Data excerpts:
####

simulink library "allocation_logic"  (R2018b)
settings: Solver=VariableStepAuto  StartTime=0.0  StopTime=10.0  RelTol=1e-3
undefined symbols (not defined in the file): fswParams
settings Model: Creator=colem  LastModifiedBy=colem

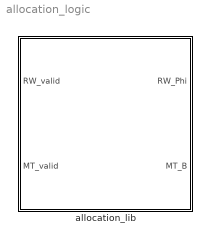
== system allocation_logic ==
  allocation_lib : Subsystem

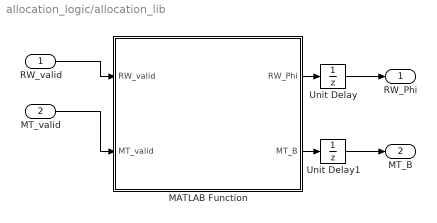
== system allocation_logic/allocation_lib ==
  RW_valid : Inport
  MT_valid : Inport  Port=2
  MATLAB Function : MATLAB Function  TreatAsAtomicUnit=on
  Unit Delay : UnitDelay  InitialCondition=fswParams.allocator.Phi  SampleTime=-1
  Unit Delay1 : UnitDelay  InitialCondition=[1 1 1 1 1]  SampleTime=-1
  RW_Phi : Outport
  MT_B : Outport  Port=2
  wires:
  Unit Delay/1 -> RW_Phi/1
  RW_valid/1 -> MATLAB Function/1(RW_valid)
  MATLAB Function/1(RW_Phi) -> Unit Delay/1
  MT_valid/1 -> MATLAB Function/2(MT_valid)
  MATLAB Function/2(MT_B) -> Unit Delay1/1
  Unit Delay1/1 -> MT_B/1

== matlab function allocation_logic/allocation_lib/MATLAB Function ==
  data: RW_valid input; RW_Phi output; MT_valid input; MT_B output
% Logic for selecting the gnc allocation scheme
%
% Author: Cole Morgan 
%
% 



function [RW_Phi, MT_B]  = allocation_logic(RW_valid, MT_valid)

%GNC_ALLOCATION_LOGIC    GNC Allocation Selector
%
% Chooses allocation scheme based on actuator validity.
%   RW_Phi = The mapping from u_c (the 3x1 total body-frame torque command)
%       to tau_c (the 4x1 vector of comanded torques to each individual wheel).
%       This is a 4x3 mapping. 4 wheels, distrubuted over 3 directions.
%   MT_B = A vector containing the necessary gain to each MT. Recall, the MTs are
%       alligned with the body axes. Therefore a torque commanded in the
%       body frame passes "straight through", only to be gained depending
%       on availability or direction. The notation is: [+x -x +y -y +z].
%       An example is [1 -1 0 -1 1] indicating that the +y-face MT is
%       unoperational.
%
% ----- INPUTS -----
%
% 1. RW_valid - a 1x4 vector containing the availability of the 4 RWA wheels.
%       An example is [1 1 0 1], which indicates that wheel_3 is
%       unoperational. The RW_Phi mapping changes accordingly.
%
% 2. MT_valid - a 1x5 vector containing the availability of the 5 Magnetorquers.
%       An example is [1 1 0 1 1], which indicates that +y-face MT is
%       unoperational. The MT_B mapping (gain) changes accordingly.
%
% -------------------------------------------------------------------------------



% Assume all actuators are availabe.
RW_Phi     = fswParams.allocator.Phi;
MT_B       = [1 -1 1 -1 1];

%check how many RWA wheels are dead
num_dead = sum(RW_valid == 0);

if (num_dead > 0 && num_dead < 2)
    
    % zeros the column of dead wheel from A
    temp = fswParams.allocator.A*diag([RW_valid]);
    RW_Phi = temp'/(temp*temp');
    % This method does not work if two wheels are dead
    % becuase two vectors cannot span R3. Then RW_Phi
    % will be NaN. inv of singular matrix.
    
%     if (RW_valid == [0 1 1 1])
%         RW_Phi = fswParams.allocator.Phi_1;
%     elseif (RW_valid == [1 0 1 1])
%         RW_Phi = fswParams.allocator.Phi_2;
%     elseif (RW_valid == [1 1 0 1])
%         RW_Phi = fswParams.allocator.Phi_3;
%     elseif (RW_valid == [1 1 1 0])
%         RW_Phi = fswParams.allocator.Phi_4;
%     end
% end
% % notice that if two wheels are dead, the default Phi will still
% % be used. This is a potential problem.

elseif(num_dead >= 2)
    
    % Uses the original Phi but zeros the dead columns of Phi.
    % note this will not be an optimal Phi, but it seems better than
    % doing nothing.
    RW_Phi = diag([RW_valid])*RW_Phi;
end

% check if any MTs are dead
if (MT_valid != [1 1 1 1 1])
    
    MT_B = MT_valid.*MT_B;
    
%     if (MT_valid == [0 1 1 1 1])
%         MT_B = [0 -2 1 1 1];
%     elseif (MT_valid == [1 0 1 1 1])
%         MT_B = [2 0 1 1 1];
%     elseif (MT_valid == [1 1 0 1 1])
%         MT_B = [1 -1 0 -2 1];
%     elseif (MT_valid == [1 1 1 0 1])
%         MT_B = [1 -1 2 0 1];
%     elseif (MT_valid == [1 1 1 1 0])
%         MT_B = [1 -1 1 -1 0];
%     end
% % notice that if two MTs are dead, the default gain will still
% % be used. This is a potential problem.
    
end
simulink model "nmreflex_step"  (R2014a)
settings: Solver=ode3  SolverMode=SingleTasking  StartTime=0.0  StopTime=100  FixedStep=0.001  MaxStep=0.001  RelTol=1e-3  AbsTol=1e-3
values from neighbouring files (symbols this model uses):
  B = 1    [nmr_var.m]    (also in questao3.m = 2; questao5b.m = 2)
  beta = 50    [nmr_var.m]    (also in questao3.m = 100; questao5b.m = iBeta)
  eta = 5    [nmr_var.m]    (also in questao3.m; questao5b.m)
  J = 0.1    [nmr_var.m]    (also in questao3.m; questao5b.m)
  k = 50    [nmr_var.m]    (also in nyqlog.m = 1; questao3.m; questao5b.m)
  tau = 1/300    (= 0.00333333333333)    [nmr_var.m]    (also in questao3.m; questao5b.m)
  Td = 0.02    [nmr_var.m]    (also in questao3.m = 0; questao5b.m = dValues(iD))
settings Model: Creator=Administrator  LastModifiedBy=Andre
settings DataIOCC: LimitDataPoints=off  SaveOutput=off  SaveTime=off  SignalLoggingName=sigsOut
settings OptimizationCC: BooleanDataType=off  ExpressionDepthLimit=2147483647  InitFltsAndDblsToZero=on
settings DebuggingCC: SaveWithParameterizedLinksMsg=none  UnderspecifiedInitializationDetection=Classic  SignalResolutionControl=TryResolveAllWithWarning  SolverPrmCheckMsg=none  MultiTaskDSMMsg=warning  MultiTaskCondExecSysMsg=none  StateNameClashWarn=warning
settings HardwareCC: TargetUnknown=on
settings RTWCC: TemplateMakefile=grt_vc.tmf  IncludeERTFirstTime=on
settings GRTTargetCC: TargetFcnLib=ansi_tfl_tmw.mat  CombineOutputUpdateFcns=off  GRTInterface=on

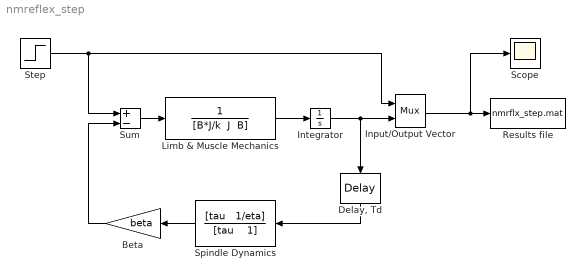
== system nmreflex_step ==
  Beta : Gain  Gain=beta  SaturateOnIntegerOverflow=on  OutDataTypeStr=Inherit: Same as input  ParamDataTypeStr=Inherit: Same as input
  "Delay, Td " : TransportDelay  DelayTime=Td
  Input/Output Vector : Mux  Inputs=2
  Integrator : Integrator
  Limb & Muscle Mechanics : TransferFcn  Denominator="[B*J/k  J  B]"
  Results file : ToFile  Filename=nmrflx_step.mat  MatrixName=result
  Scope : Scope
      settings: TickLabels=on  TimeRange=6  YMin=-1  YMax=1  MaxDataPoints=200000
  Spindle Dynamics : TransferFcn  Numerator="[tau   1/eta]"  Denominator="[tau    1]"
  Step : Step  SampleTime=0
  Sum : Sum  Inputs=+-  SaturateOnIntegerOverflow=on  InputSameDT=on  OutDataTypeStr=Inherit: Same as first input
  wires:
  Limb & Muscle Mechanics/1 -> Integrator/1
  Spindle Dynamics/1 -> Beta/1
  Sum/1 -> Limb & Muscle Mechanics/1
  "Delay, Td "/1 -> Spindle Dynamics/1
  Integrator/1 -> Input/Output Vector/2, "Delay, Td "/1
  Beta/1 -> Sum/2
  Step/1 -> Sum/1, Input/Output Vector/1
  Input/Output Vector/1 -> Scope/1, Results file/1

####

What is expected: Using the records above, find the number of lines that contain the string "MATLAB", and give that number without further comment.

The completed task: 6